[Given entries Boundary: Start]

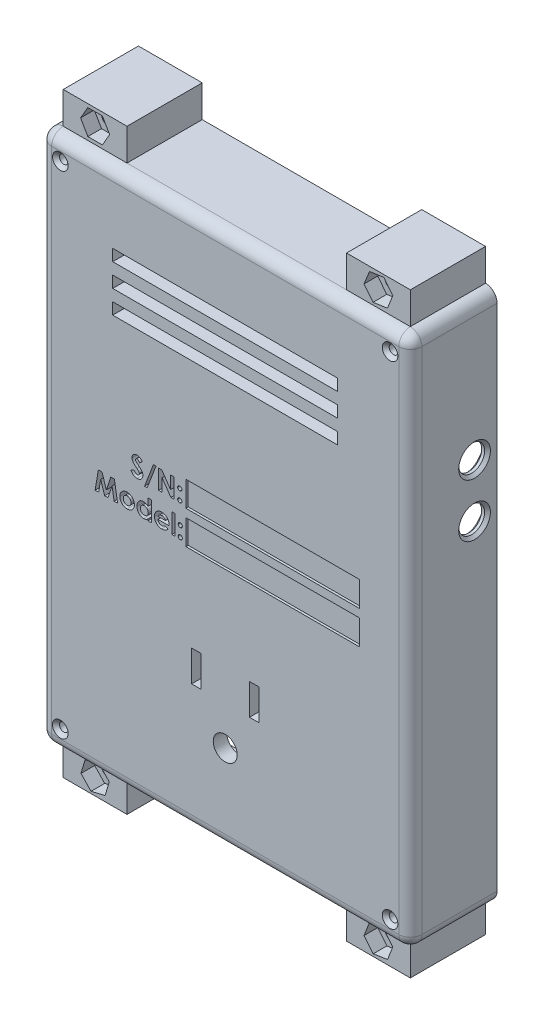
from build123d import *

# Parameters (mm, degrees)
SKETCH5_W                   = 81.28
SKETCH5_H                   = 116.84
CASE_2_DEPTH                = 12.7
CASE_CUT_DEPTH              = 9.7
SKETCH13_R                  = 2.159
BOARD_MOUNT_DEPTH           = 0.0001
SKETCH11_R                  = 0.8255
BOARD_MOUNT_SCREW_CUT_DEPTH = 5.588
SKETCH8_R                   = 0.9525
FACEPLATE_SCREW_CUT_DEPTH   = 73.289667311
SKETCH14_R                  = 2.6289
SKETCH14_W                  = 2.032
SKETCH14_H                  = 6.8072
OUTLET_CUT_DEPTH            = 72.823366671
SKETCH24_W                  = 81.28
SKETCH24_H                  = 116.84
BOSS_EXTRUDE1_DEPTH         = 6.35
CUT_EXTRUDE1_START          = -6.35
CUT_EXTRUDE1_DEPTH          = 6.35
FILLET11_R                  = 2.54
FILLET12_R                  = 2.54
FILLET13_R                  = 2.54
SKETCH28_R                  = 0.9525
CUT_EXTRUDE3_DEPTH          = 73.289667311
FILLET14_R                  = 2.54
SKETCH30_W                  = 79.248
SKETCH30_H                  = 114.808
CUT_EXTRUDE4_DEPTH          = 2.032
FILLET15_R                  = 2.54
FILLET16_R                  = 2.54
FILLET17_R                  = 2.54
FILLET18_R                  = 2.54
SKETCH18_R                  = 2.844
CUT_EXTRUDE5_DEPTH          = 2.54
CHAMFER6_SIZE               = 0.635
FILLET19_R                  = 2.54
CHAMFER7_SIZE               = 0.762
SKETCH31_W                  = 38.071387925
SKETCH31_H                  = 5.512590528
SKETCH31_H_2                = 5.504700738
CUT_EXTRUDE6_DEPTH          = 0.508
SKETCH32_W                  = 0.75982906
SKETCH32_H                  = 4.341880342
CUT_EXTRUDE7_DEPTH          = 1.905
SKETCH33_W                  = 49.388401948
SKETCH33_H                  = 2.54
CUT_EXTRUDE8_DEPTH          = 27.94
SKETCH34_W                  = 14
SKETCH34_H                  = 16.51
BOSS_EXTRUDE2_DEPTH         = 7
SKETCH35_W                  = 14
SKETCH35_H                  = 16.51
BOSS_EXTRUDE3_DEPTH         = 7
SKETCH36_R                  = 1.575
CUT_EXTRUDE9_DEPTH          = 16.51
CUT_EXTRUDE10_DEPTH         = 3


with BuildPart() as part:
    # Sketch5 → Case 2 (new body)
    with BuildSketch(Plane.XY):
        Rectangle(SKETCH5_W, SKETCH5_H)
    extrude(amount=CASE_2_DEPTH)

    # Sketch4 → Case Cut (cut)
    with BuildSketch(Plane.XY):
        with BuildLine():
            Line((-36.195, 56.515), (36.195, 56.515))
            ThreePointArc((36.195, 56.515), (34.398948776, 52.178948776), (38.735, 53.975))
            Line((38.735, 53.975), (38.735, -53.975))
            ThreePointArc((38.735, -53.975), (34.398948776, -52.178948776), (36.195, -56.515))
            Line((36.195, -56.515), (-36.195, -56.515))
            ThreePointArc((-36.195, -56.515), (-34.398948776, -52.178948776), (-38.735, -53.975))
            Line((-38.735, -53.975), (-38.735, 53.975))
            ThreePointArc((-38.735, 53.975), (-34.398948776, 52.178948776), (-36.195, 56.515))
        make_face()
    extrude(amount=CASE_CUT_DEPTH, mode=Mode.SUBTRACT)

    # Sketch13 → Board Mount (add)
    with BuildSketch(Plane(origin=(0, 0, 9.7), x_dir=(-1, 0, 0), z_dir=(0, 0, -1))):
        with Locations(Location((-35.56, 48.641, 0), (0, 0, 180))):
            Circle(SKETCH13_R)
        with Locations(Location((35.56, 48.641, 0), (0, 0, 180))):
            Circle(SKETCH13_R)
        with Locations(Location((-35.56, -48.641, 0), (0, 0, 180))):
            Circle(SKETCH13_R)
        with Locations(Location((35.56, -48.641, 0), (0, 0, 180))):
            Circle(SKETCH13_R)
    extrude(amount=BOARD_MOUNT_DEPTH)

    # Sketch11 → Board Mount Screw Cut (cut)
    with BuildSketch(Plane(origin=(0, 0, 9.7), x_dir=(-1, 0, 0), z_dir=(0, 0, -1))):
        with Locations((-35.56, 48.641)):
            Circle(SKETCH11_R)
        with Locations((35.56, 48.641)):
            Circle(SKETCH11_R)
        with Locations((35.56, -48.641)):
            Circle(SKETCH11_R)
        with Locations((-35.56, -48.641)):
            Circle(SKETCH11_R)
    extrude(amount=BOARD_MOUNT_SCREW_CUT_DEPTH, mode=Mode.SUBTRACT)

    # Sketch8 → FacePlate Screw Cut (cut, through all)
    with BuildSketch(Plane.XY):
        with Locations((-36.195, 53.975)):
            Circle(SKETCH8_R)
        with Locations((-36.195, -53.975)):
            Circle(SKETCH8_R)
        with Locations((36.195, 53.975)):
            Circle(SKETCH8_R)
        with Locations((36.195, -53.975)):
            Circle(SKETCH8_R)
    extrude(amount=FACEPLATE_SCREW_CUT_DEPTH, mode=Mode.SUBTRACT)

    # Sketch14 → Outlet Cut (cut, through all)
    with BuildSketch(Plane(origin=(0, 0, 9.7), x_dir=(-1, 0, 0), z_dir=(0, 0, -1))):
        with Locations((0, -39.497)):
            Circle(SKETCH14_R)
        with Locations((-6.35, -27.559)):
            Rectangle(SKETCH14_W, SKETCH14_H)
        with Locations((6.35, -27.559)):
            Rectangle(SKETCH14_W, SKETCH14_H)
    extrude(amount=-OUTLET_CUT_DEPTH, mode=Mode.SUBTRACT)

    # Sketch24 → Boss-Extrude1 (add)
    with BuildSketch(Plane.XY):
        Rectangle(SKETCH24_W, SKETCH24_H)
    extrude(amount=-BOSS_EXTRUDE1_DEPTH)

    # Sketch26 → Cut-Extrude1 (cut)
    with BuildSketch(Plane.XY.offset(CUT_EXTRUDE1_START)):
        with BuildLine():
            Line((-36.195, 56.515), (36.195, 56.515))
            ThreePointArc((36.195, 56.515), (34.398948776, 52.178948776), (38.735, 53.975))
            Line((38.735, 53.975), (38.735, -53.975))
            ThreePointArc((38.735, -53.975), (34.398948776, -52.178948776), (36.195, -56.515))
            Line((36.195, -56.515), (-36.195, -56.515))
            ThreePointArc((-36.195, -56.515), (-34.398948776, -52.178948776), (-38.735, -53.975))
            Line((-38.735, -53.975), (-38.735, 53.975))
            ThreePointArc((-38.735, 53.975), (-34.398948776, 52.178948776), (-36.195, 56.515))
        make_face()
    extrude(amount=CUT_EXTRUDE1_DEPTH, mode=Mode.SUBTRACT)

    # Fillet11
    fillet11_edges = [part.edges().sort_by_distance(p)[0] for p in [
        (40.64, -58.42, 3.175),
    ]]
    fillet(fillet11_edges, radius=FILLET11_R)

    # Fillet12
    fillet12_edges = [part.edges().sort_by_distance(p)[0] for p in [
        (40.64, 58.42, 3.175),
    ]]
    fillet(fillet12_edges, radius=FILLET12_R)

    # Fillet13
    fillet13_edges = [part.edges().sort_by_distance(p)[0] for p in [
        (-40.64, 58.42, 3.175),
    ]]
    fillet(fillet13_edges, radius=FILLET13_R)

    # Sketch28 → Cut-Extrude3 (cut, through all)
    with BuildSketch(Plane(origin=(0, 0, 0), x_dir=(-1, 0, 0), z_dir=(0, 0, -1))):
        with Locations((-36.195, 53.975)):
            Circle(SKETCH28_R)
        with Locations((-36.195, -53.975)):
            Circle(SKETCH28_R)
        with Locations((36.195, 53.975)):
            Circle(SKETCH28_R)
        with Locations((36.195, -53.975)):
            Circle(SKETCH28_R)
    extrude(amount=CUT_EXTRUDE3_DEPTH, mode=Mode.SUBTRACT)

    # Fillet14
    fillet14_edges = [part.edges().sort_by_distance(p)[0] for p in [
        (-40.64, -58.42, 3.175),
    ]]
    fillet(fillet14_edges, radius=FILLET14_R)

    # Sketch30 → Cut-Extrude4 (cut)
    with BuildSketch(Plane(origin=(0, 0, -6.35), x_dir=(-1, 0, 0), z_dir=(0, 0, -1))):
        Rectangle(SKETCH30_W, SKETCH30_H)
    extrude(amount=-CUT_EXTRUDE4_DEPTH, mode=Mode.SUBTRACT)

    # Fillet15
    fillet15_edges = [part.edges().sort_by_distance(p)[0] for p in [
        (39.624, 57.404, -5.334),
    ]]
    fillet(fillet15_edges, radius=FILLET15_R)

    # Fillet16
    fillet16_edges = [part.edges().sort_by_distance(p)[0] for p in [
        (-39.624, 57.404, -5.334),
    ]]
    fillet(fillet16_edges, radius=FILLET16_R)

    # Fillet17
    fillet17_edges = [part.edges().sort_by_distance(p)[0] for p in [
        (-39.624, -57.404, -5.334),
    ]]
    fillet(fillet17_edges, radius=FILLET17_R)

    # Fillet18
    fillet18_edges = [part.edges().sort_by_distance(p)[0] for p in [
        (39.624, -57.404, -5.334),
    ]]
    fillet(fillet18_edges, radius=FILLET18_R)

    # Sketch18 → Cut-Extrude5 (cut)
    with BuildSketch(Plane(origin=(40.64, 0, 0), x_dir=(0, 0, -1), z_dir=(1, 0, 0))):
        with Locations((1.4, 28.575)):
            Circle(SKETCH18_R)
        with Locations((1.4, 16.891)):
            Circle(SKETCH18_R)
    extrude(amount=-CUT_EXTRUDE5_DEPTH, mode=Mode.SUBTRACT)

    # Chamfer6
    # the kernel refuses this chamfer: 0.635 mm, written as the material it takes off along each edge
    with BuildSketch(Plane(origin=(38.735, 28.575, -1.4), x_dir=(0, 0, -1), z_dir=(0, -1, 0))) as chamfer6_piece_1:
        Polygon((2.844, CHAMFER6_SIZE), (2.844 + CHAMFER6_SIZE, 0), (2.844, 0), align=None)
    revolve(axis=Axis((38.735, 28.575, -1.4), (1, 0, 0)), mode=Mode.SUBTRACT)
    with BuildSketch(Plane(origin=(40.64, 28.575, -1.4), x_dir=(0, 0, -1), z_dir=(0, -1, 0))) as chamfer6_piece_2:
        Polygon((2.844 + CHAMFER6_SIZE, 0), (2.844, -CHAMFER6_SIZE), (2.844, 0), align=None)
    revolve(axis=Axis((40.64, 28.575, -1.4), (1, 0, 0)), mode=Mode.SUBTRACT)
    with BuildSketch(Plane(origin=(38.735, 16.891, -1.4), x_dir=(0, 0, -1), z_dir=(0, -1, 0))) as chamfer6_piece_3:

[Given entries Boundary: End]

• [Task details]: Reproduce exactly the lines from the one with "-CHAMFER6_SIZE), (2.844, 0), align=None)" through the last line of the entries, keeping both of those lines and nothing else.

• [Response below]:
        Polygon((2.844 + CHAMFER6_SIZE, 0), (2.844, -CHAMFER6_SIZE), (2.844, 0), align=None)
    revolve(axis=Axis((40.64, 28.575, -1.4), (1, 0, 0)), mode=Mode.SUBTRACT)
    with BuildSketch(Plane(origin=(38.735, 16.891, -1.4), x_dir=(0, 0, -1), z_dir=(0, -1, 0))) as chamfer6_piece_3:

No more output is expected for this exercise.